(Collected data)

'''

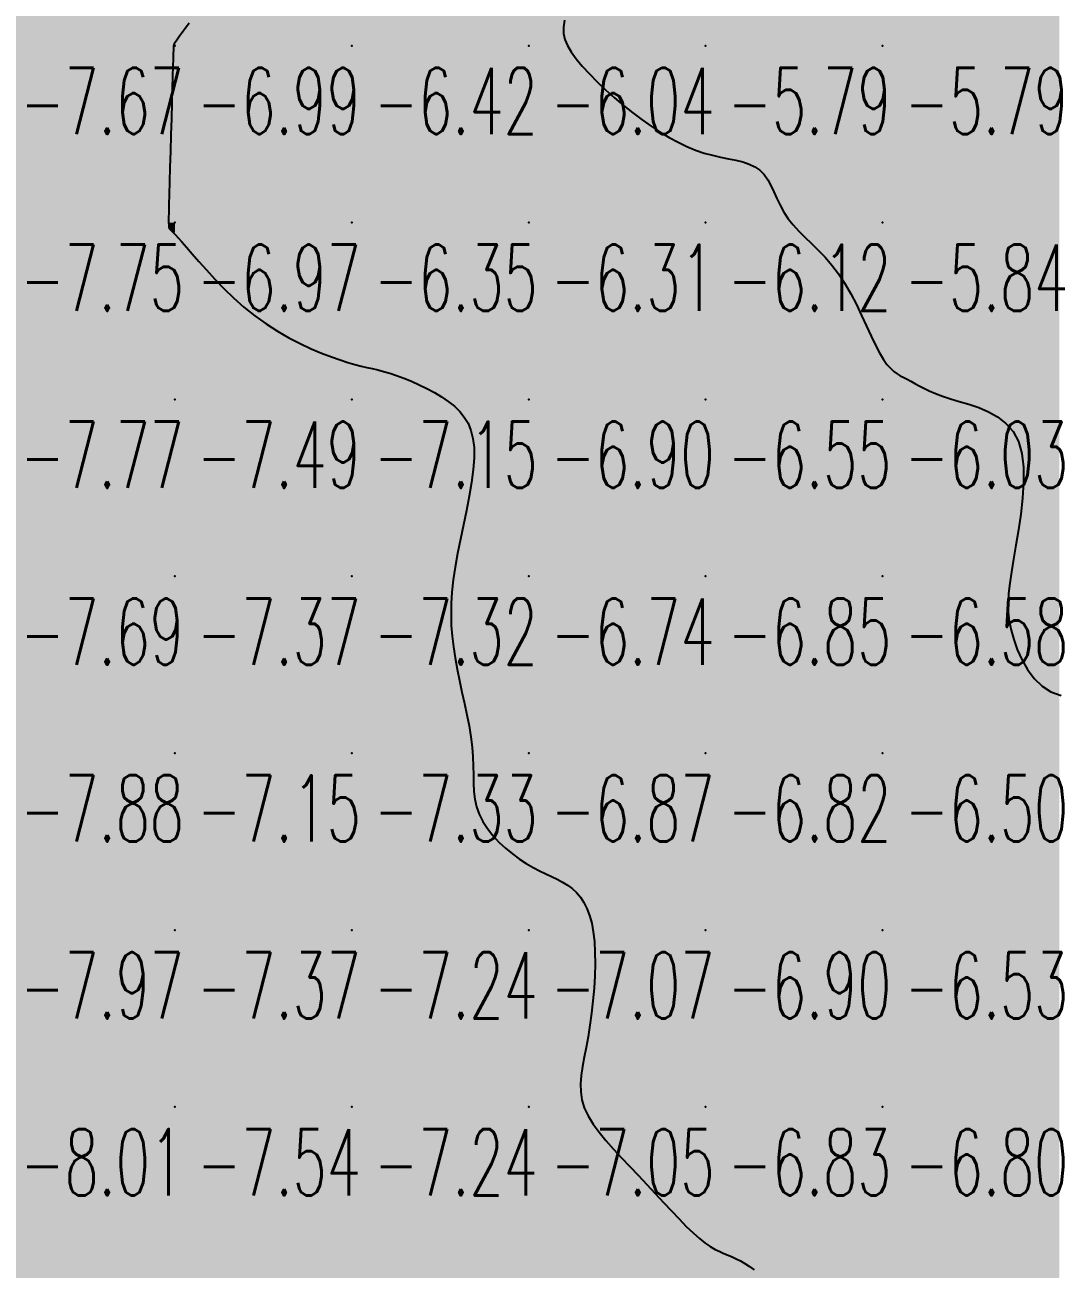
# Model space of a CAD drawing. Header units: millimetres. Extents: x 88261 to 90953, y 390274 to 392322.
# Drawn here: x 90131.8 to 90190.1, y 391238.1 to 391308.4 of the extents above; entities that cross this region are included whole.
import ezdxf
from ezdxf.enums import TextEntityAlignment as Align

# ---------------------------------------------------------------- set-up
doc = ezdxf.new("R2010")
doc.units = ezdxf.units.MM
doc.header["$LTSCALE"] = 25
for name, color, linetype in [('CN_03_00', 7, 'Continuous'), ('COTEAlt', 7, 'Continuous'), ('TN_COLORIAGE', 7, 'Continuous')]:
    doc.layers.add(name, color=color, linetype=linetype)
doc.styles.add('Simplex 1.0', font='Simplex.shx', dxfattribs={"width": 0.99, "height": 2.5})
doc.styles.get("Standard").update_dxf_attribs({"font": 'times.ttf'})

# ---------------------------------------------------------------- blocks, each defined once
blk = doc.blocks.new('COTE')
at = {"color": 0}
blk.add_point((0, 0), dxfattribs=at)
at = {"layer": 'COTEAlt'}
blk.add_attdef('ALT', text='', height=3.75, dxfattribs=at).set_placement((1.25, -1.25), align=Align.TOP_LEFT)

msp = doc.modelspace()

# ---------------------------------------------------------------- linework, layer by layer
at = {"layer": 'CN_03_00', "flags": 128}
for points, elevation in [([(90141.049, 391308.51), (90140.737, 391308.087), (90140.512, 391307.776), (90140.358, 391307.559), (90140.261, 391307.418), (90140.208, 391307.334), (90140.184, 391307.29), (90140.176, 391307.266), (90140.172, 391307.244), (90140.168, 391307.205), (90140.165, 391307.129), (90140.16, 391306.998), (90140.154, 391306.791), (90140.146, 391306.488), (90140.134, 391306.071), (90140.118, 391305.52), (90140.098, 391304.824), (90140.074, 391304.013), (90140.048, 391303.123), (90140.02, 391302.194), (90139.993, 391301.262), (90139.966, 391300.365), (90139.942, 391299.543), (90139.922, 391298.831), (90139.906, 391298.259), (90139.895, 391297.819), (90139.889, 391297.49), (90139.888, 391297.256), (90139.893, 391297.098), (90139.903, 391296.998), (90139.918, 391296.937), (90139.939, 391296.897), (90139.966, 391296.861), (90140.006, 391296.817), (90140.066, 391296.757), (90140.152, 391296.668), (90140.272, 391296.543), (90140.431, 391296.37), (90140.638, 391296.14), (90140.899, 391295.842), (90141.219, 391295.471), (90141.595, 391295.037), (90142.023, 391294.557), (90142.497, 391294.043), (90143.013, 391293.512), (90143.566, 391292.979), (90144.151, 391292.458), (90144.764, 391291.965), (90145.398, 391291.512), (90146.045, 391291.1), (90146.693, 391290.73), (90147.333, 391290.4), (90147.952, 391290.109), (90148.542, 391289.858), (90149.09, 391289.644), (90149.587, 391289.469), (90150.026, 391289.329), (90150.415, 391289.217), (90150.767, 391289.127), (90151.093, 391289.05), (90151.407, 391288.979), (90151.721, 391288.904), (90152.046, 391288.82), (90152.396, 391288.717), (90152.779, 391288.589), (90153.189, 391288.437), (90153.617, 391288.263), (90154.054, 391288.068), (90154.49, 391287.855), (90154.916, 391287.625), (90155.323, 391287.38), (90155.702, 391287.122), (90156.044, 391286.852), (90156.346, 391286.562), (90156.605, 391286.244), (90156.819, 391285.889), (90156.984, 391285.489), (90157.098, 391285.036), (90157.16, 391284.52), (90157.165, 391283.933), (90157.114, 391283.271), (90157.016, 391282.546), (90156.883, 391281.773), (90156.726, 391280.969), (90156.557, 391280.149), (90156.386, 391279.331), (90156.227, 391278.529), (90156.089, 391277.76), (90155.984, 391277.036), (90155.911, 391276.352), (90155.869, 391275.7), (90155.857, 391275.072), (90155.873, 391274.459), (90155.917, 391273.853), (90155.988, 391273.245), (90156.083, 391272.628), (90156.2, 391271.995), (90156.334, 391271.35), (90156.476, 391270.699), (90156.619, 391270.05), (90156.757, 391269.407), (90156.88, 391268.778), (90156.982, 391268.168), (90157.056, 391267.585), (90157.096, 391267.032), (90157.114, 391266.509), (90157.121, 391266.011), (90157.13, 391265.536), (90157.153, 391265.079), (90157.205, 391264.638), (90157.296, 391264.21), (90157.441, 391263.791), (90157.648, 391263.378), (90157.911, 391262.976), (90158.22, 391262.587), (90158.565, 391262.217), (90158.936, 391261.869), (90159.325, 391261.547), (90159.72, 391261.256), (90160.112, 391260.999), (90160.492, 391260.779), (90160.859, 391260.59), (90161.211, 391260.421), (90161.547, 391260.265), (90161.866, 391260.112), (90162.168, 391259.955), (90162.45, 391259.783), (90162.713, 391259.588), (90162.954, 391259.362), (90163.174, 391259.102), (90163.371, 391258.802), (90163.543, 391258.46), (90163.689, 391258.072), (90163.809, 391257.634), (90163.901, 391257.144), (90163.964, 391256.596), (90163.997, 391255.991), (90164.003, 391255.34), (90163.984, 391254.655), (90163.943, 391253.951), (90163.882, 391253.24), (90163.804, 391252.538), (90163.711, 391251.856), (90163.607, 391251.209), (90163.495, 391250.607), (90163.386, 391250.047), (90163.289, 391249.522), (90163.217, 391249.025), (90163.18, 391248.549), (90163.19, 391248.089), (90163.257, 391247.637), (90163.392, 391247.187), (90163.604, 391246.733), (90163.885, 391246.274), (90164.225, 391245.808), (90164.614, 391245.337), (90165.042, 391244.858), (90165.498, 391244.371), (90165.971, 391243.876), (90166.453, 391243.372), (90166.932, 391242.861), (90167.405, 391242.35), (90167.869, 391241.847), (90168.318, 391241.364), (90168.749, 391240.908), (90169.159, 391240.49), (90169.543, 391240.118), (90169.898, 391239.801), (90170.222, 391239.546), (90170.518, 391239.346), (90170.792, 391239.188), (90171.047, 391239.063), (90171.289, 391238.958), (90171.522, 391238.864), (90171.753, 391238.768), (90171.985, 391238.661), (90172.223, 391238.533), (90172.471, 391238.384), (90172.73, 391238.214), (90173.004, 391238.026)], -7), ([(90162.267, 391308.674), (90162.207, 391308.286), (90162.214, 391307.928), (90162.289, 391307.586), (90162.433, 391307.242), (90162.647, 391306.882), (90162.932, 391306.491), (90163.278, 391306.075), (90163.678, 391305.64), (90164.121, 391305.193), (90164.598, 391304.743), (90165.1, 391304.297), (90165.617, 391303.862), (90166.14, 391303.445), (90166.661, 391303.054), (90167.178, 391302.69), (90167.69, 391302.355), (90168.198, 391302.051), (90168.699, 391301.779), (90169.195, 391301.541), (90169.683, 391301.338), (90170.164, 391301.171), (90170.637, 391301.041), (90171.097, 391300.937), (90171.539, 391300.847), (90171.959, 391300.76), (90172.352, 391300.664), (90172.713, 391300.548), (90173.038, 391300.398), (90173.321, 391300.204), (90173.56, 391299.957), (90173.764, 391299.663), (90173.946, 391299.333), (90174.116, 391298.974), (90174.286, 391298.598), (90174.467, 391298.213), (90174.672, 391297.829), (90174.911, 391297.457), (90175.194, 391297.101), (90175.515, 391296.756), (90175.865, 391296.411), (90176.236, 391296.056), (90176.621, 391295.682), (90177.01, 391295.279), (90177.395, 391294.837), (90177.768, 391294.345), (90178.123, 391293.798), (90178.457, 391293.211), (90178.773, 391292.602), (90179.07, 391291.988), (90179.349, 391291.39), (90179.612, 391290.824), (90179.857, 391290.31), (90180.087, 391289.866), (90180.303, 391289.506), (90180.506, 391289.221), (90180.7, 391288.999), (90180.889, 391288.827), (90181.074, 391288.692), (90181.26, 391288.582), (90181.45, 391288.483), (90181.646, 391288.383), (90181.852, 391288.271), (90182.074, 391288.147), (90182.318, 391288.013), (90182.59, 391287.872), (90182.897, 391287.726), (90183.246, 391287.577), (90183.641, 391287.426), (90184.089, 391287.277), (90184.593, 391287.129), (90185.134, 391286.968), (90185.691, 391286.78), (90186.241, 391286.547), (90186.763, 391286.255), (90187.233, 391285.887), (90187.631, 391285.428), (90187.934, 391284.862), (90188.126, 391284.18), (90188.219, 391283.402), (90188.229, 391282.554), (90188.175, 391281.663), (90188.073, 391280.755), (90187.942, 391279.858), (90187.797, 391278.998), (90187.658, 391278.201), (90187.539, 391277.488), (90187.446, 391276.848), (90187.384, 391276.267), (90187.356, 391275.727), (90187.366, 391275.214), (90187.419, 391274.71), (90187.519, 391274.201), (90187.669, 391273.669), (90187.873, 391273.106), (90188.134, 391272.533), (90188.453, 391271.978), (90188.832, 391271.469), (90189.272, 391271.034), (90189.776, 391270.701), (90190.345, 391270.499)], -6)]:
    msp.add_lwpolyline(points, dxfattribs=dict(at, elevation=elevation))
at = {"layer": 'TN_COLORIAGE', "color": 161}
for points in [[(90130.249, 391317.239, -7.249), (90130.249, 391307.239, -7.249), (90140.249, 391317.239, -7.249)], [(90130.249, 391307.239, -7), (90140.16, 391307.239, -7), (90140.249, 391317.239, -7), (90140.249, 391307.476, -7)], [(90147.6, 391317.239, -7.249), (90140.249, 391307.476, -7.249), (90140.249, 391317.239, -7.249)], [(90130.249, 391297.239, -7), (90140.169, 391307.16, -7), (90130.249, 391307.239, -7), (90140.16, 391307.239, -7)], [(90139.871, 391297.239, -7.753), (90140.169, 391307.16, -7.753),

'''

Exercise description: The lines holding the word "ezdxf" are the answer. Pull them out of the records and copy them.

Answer space:
import ezdxf
from ezdxf.enums import TextEntityAlignment as Align
doc = ezdxf.new("R2010")
doc.units = ezdxf.units.MM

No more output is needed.